3. Give the order: Now what you have to do, is to wait until the animal make the action that you are looking for. Be very CAREFUL. You have to look the animal with a perfect attention. Because, if the click/reward is made 2 seconds late, then it's over, the association can't be done.
4. Clicking: Right after that the animal has made the action you are looking for, click immediatly. If you click 2 second after the action, it's too late.
5. Reward: Right after the click, reward the animal with the treat. Be quick, again, if it's 2 second after the click, it's too late. Also, use small reward. If the treat are too big, it will takes to much time to eat, and he/she won't understand the association.
6. Break: Give a little break, 10-20 seconds is perfect.
7. Jackpot: right after the training, let the animal made a easy action. Click and give a big reward to conclude the training. (don't forget to cheer the animal).
Here are some example that I have made with THE BASIC INFORMATION. It doesn't mean that it will works, but you can try it! Remember, training is suppose to be a fun time! Not a task!
F. Example one: Training the tegu to learn his name.
Goal: Training the tegu to learn his name, and to crawl up to you.
Step1: Take your Tegu and bring him into a small and clear room. (no furniture only a clean floor). Remember, you have to be all alone with your Tegu to reduce stress and to have his perfect attention.
Step2: Charge the clicker
Step3: Repeat his name clearly and loudly many time.
Step4: Repeat his name until he/she comes to you (it can be very long, but don't give up.).It can only be a pure luck. But with a reward, this "luck" will happen many time lol. You can be very near at the Tegu for the beginning. So it won't be too long.
Step5: Once he/she is very near of you (close to your feet, or on you) click and reward in one second.
Step6: Change position, go somewhere else in the room, with a bigger distance.
Step7: Repeat Step2 to Step6. Don't forget to extend your distance between your Tegu and you.
Step8: Don't forget to make many short period of training everyday, with great reward.
*Warning: If your Tegu have a long and complicated name, it will be longer for him to learn his trick. 
G. Example two: Potty train
Goal: Train the Tegu to poop in a cat litter, or box.
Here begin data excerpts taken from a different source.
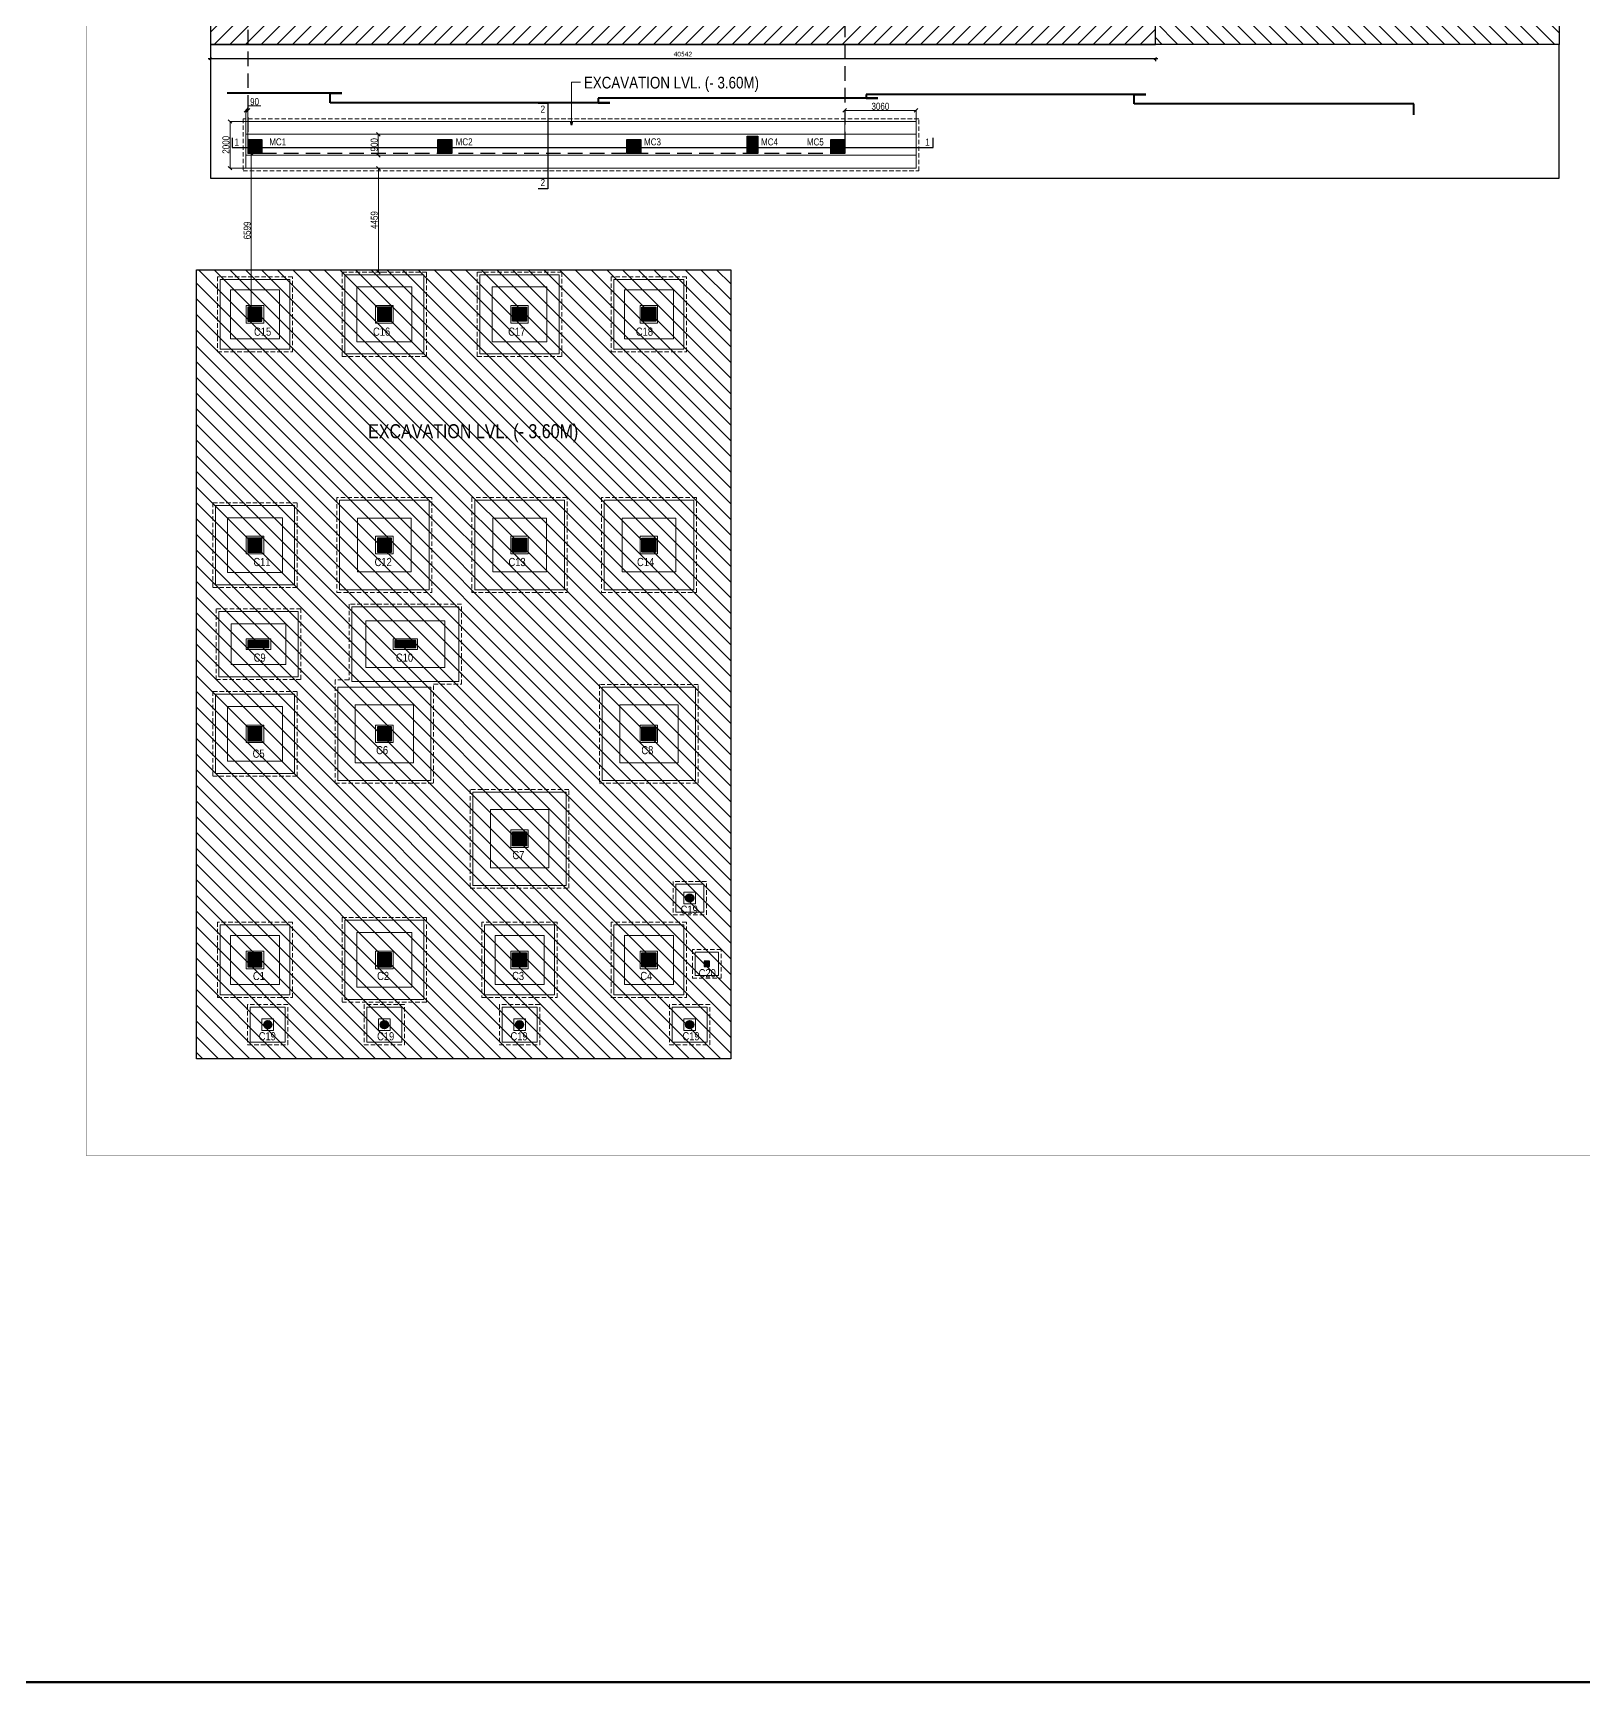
# Model space of a CAD drawing. Header units: millimetres. Extents: x 1112055 to 3390982, y -148532 to 766891.
# Drawn here: x 2745433 to 2811930, y 186588 to 257340 of the extents above; entities that cross this region are included whole.
import ezdxf

# ---------------------------------------------------------------- set-up
doc = ezdxf.new("R2010")
doc.units = ezdxf.units.MM
doc.header["$PDMODE"] = 35
doc.header["$PDSIZE"] = -25
doc.linetypes.add('DASHED2', pattern=[0.375, 0.25, -0.125])
doc.linetypes.add('Hidden', pattern=[9.525, 6.35, -3.175])
for name, color, linetype, lineweight in [('B COL. NO.', 3, 'Continuous', 20), ('B FINAL COLUMN', 1, 'Continuous', 30), ('B FOOTING', 49, 'Continuous', 20), ('B FOOTING DIM', 234, 'Continuous', 9), ('B P.C.C', 251, 'Continuous', 0), ('B STEEL TEXT', 7, 'Continuous', 15), ('B TITLE BLOCK', 250, 'Continuous', 0), ('EXCAVATION LINE', 236, 'Continuous', 30), ('g-sol250', 250, 'Continuous', 5)]:
    doc.layers.add(name, color=color, linetype=linetype, lineweight=lineweight)
doc.layers.add('B Pedestal', color=7, linetype='Continuous', lineweight=9, true_color=0x5c8948)
doc.layers.add('B-COL HT', color=7, linetype='Continuous', lineweight=0, true_color=0x4e4f45)
doc.styles.add('ARIAL', font='arial.ttf')
doc.styles.add('Cali', font='calibri.ttf')
doc.styles.add('SWINC', font='swissc.ttf')
doc.dimstyles.new('1.100', dxfattribs={"dimtxt": 200, "dimasz": 100, "dimexe": 100, "dimexo": 100, "dimgap": 100, "dimtad": 1, "dimdec": 0, "dimzin": 0, "dimdsep": 46, "dimtxsty": 'Cali', "dimblk": 'OBLIQUE', "dimcen": 0, "dimdle": 100, "dimclrd": 256, "dimclre": 256, "dimclrt": 3, "dimadec": 0, "dimazin": 0, "dimtfac": 1, "dimtdec": 0, "dimtofl": 0, "dimtmove": 1, "dimatfit": 0, "dimfxl": 100, "dimfxlon": 1, "dimtolj": 1, "dimtzin": 0, "dimlwd": -1, "dimlwe": -1, "dimarcsym": 0})
doc.dimstyles.new('BHOOMI', dxfattribs={"dimtxt": 230, "dimasz": 150, "dimexe": 10, "dimexo": 0, "dimgap": 25, "dimtad": 1, "dimdec": 0, "dimzin": 0, "dimdsep": 46, "dimtxsty": 'SWINC', "dimblk": 'OBLIQUE', "dimcen": 0.09, "dimclrd": 250, "dimclre": 250, "dimclrt": 256, "dimaunit": 1, "dimadec": 3, "dimazin": 0, "dimtfac": 1, "dimtdec": 0, "dimtofl": 0, "dimtmove": 1, "dimatfit": 3, "dimfxl": 100, "dimtolj": 1, "dimtzin": 0, "dimlwd": 9, "dimlwe": 5, "dimarcsym": 0})
doc.dimstyles.new('DIM 1', dxfattribs={"dimscale": 0, "dimtxt": 230, "dimasz": 150, "dimexe": 0.18, "dimexo": 0.0625, "dimgap": 0.5, "dimtad": 1, "dimdec": 0, "dimzin": 0, "dimdsep": 46, "dimtxsty": 'ARIAL', "dimblk": 'OBLIQUE', "dimcen": 6, "dimse1": 1, "dimse2": 1, "dimclrd": 256, "dimclrt": 256, "dimadec": 0, "dimazin": 2, "dimtfac": 0.75, "dimtdec": 0, "dimtix": 1, "dimtofl": 0, "dimtmove": 1, "dimatfit": 3, "dimldrblk": 'OPEN30', "dimfxl": 0.18, "dimfrac": 1, "dimtolj": 1, "dimtzin": 0, "dimlwd": -1, "dimarcsym": 0})
pattern_1 = [(315, (920052.236, 598784.617), (33.6759605, 33.6759605), []), (45, (920052.236, 598784.617), (-33.6759605, 33.6759605), [])]
pattern_2 = [(315, (920052.236, 598584.617), (33.6759605, 33.6759605), []), (45, (920052.236, 598584.617), (-33.6759605, 33.6759605), [])]

# ---------------------------------------------------------------- blocks, each defined once
blk = doc.blocks.new('A$C198C5B7F')
at = {"layer": 'g-sol250'}
h = blk.add_hatch(dxfattribs=at)
h.set_pattern_fill('ANSI37', color=250, scale=15, angle=-90)
h.set_pattern_definition(pattern_1)
h.paths.add_polyline_path([(2369, 31673), (2969, 31673), (2969, 32273), (2369, 32273)])
h = blk.add_hatch(dxfattribs=at)
h.set_pattern_fill('ANSI37', color=250, scale=15, angle=-90)
h.set_pattern_definition(pattern_1)
h.paths.add_polyline_path([(7919, 31673), (8519, 31673), (8519, 32273), (7919, 32273)])
h = blk.add_hatch(dxfattribs=at)
h.set_pattern_fill('ANSI37', color=250, scale=15, angle=-90)
h.set_pattern_definition(pattern_1)
h.paths.add_polyline_path([(13719, 31673), (14319, 31673), (14319, 32273), (13719, 32273)])
h = blk.add_hatch(dxfattribs=at)
h.set_pattern_fill('ANSI37', color=250, scale=15, angle=-90)
h.set_pattern_definition(pattern_1)
h.paths.add_polyline_path([(19269, 31673), (19869, 31673), (19869, 32273), (19269, 32273)])
h = blk.add_hatch(dxfattribs=at)
h.set_pattern_fill('ANSI37', color=250, scale=15, angle=-90)
h.set_pattern_definition(pattern_1)
h.paths.add_polyline_path([(2969, 22373), (2369, 22373), (2369, 21773), (2969, 21773)])
h = blk.add_hatch(dxfattribs=at)
h.set_pattern_fill('ANSI37', color=250, scale=15, angle=-90)
h.set_pattern_definition(pattern_1)
h.paths.add_polyline_path([(8519, 22373), (7919, 22373), (7919, 21773), (8519, 21773)])
h = blk.add_hatch(dxfattribs=at)
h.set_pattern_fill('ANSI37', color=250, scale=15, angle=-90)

This training is difficult, it will take a lot of time and many good reward.
Step1: Bring your tegu in a very small and clear room (no furniture).
Step2: Put a cat litter box, in the room.
Step3: Here is the hard part. If you see the Tegu, shaking his butt (going to poo) put him/her immediatly in the cat litter. BE PREPARED, YOU NEED TO HAVE YOUR REWARD CLOSE TO YOU!
Step4: Right after the last "piece" of poop, click and reward.
Step5: Let the poop in the cat litter. The smell could help the Tegu to associate the poop with the cat litter.
*Warning: This is very hard, it can takes many month of training and don't forget to charge the clicker (if he already knows it, you don't need to do it again.)
So thats it! I hope that this info/tips could help you to train and understand some basic of animal training!
If there is other information/correction/comment/question to ask, please send me a Private message.
Don't Forget, HAVE FUN! 

When ever I feed him I tap on the floor, I always feed him outside his enclosure to insure that he doesn't learn to recognize my hand with food when I grab him out of his enclosure, Its best to start with a baby.
I'll take him out of the enclosure and feed him on a plate, when he starts eating I'll tap on the floor, do this every feeding for a few days, after a week or two try tapping to see if he responds, if not just keep tapping when he starts eating, eventually he will learn to recognize the tapping with food. 
Once he learns, its best to tap and show him your hand without feeding right away so he learns not to see your hand as the food but more as a dinner bell. After a minute or two place his food down away from him so he can't see your hand near the food. The trick is to never have let him see your hand near the food. I had a tegu long ago that I used this method and he grew into a massive lizard never showing any kind of feeding aggression. When you tap call his name too and it may or may not happen but my old tegu after years of doing this would eventually respond to just calling his name. 
This is not only great to show off but also if you have your lizard roam the house and wedges himself somewhere you can't reach, by tapping you will get him to come to you. My old tegu would crawl on my lap by tapping on my legs


----------



## jtpowers (Aug 21, 2011)

Wow, ilovelizards...informative post and I like hours you tied in your own experiences with success.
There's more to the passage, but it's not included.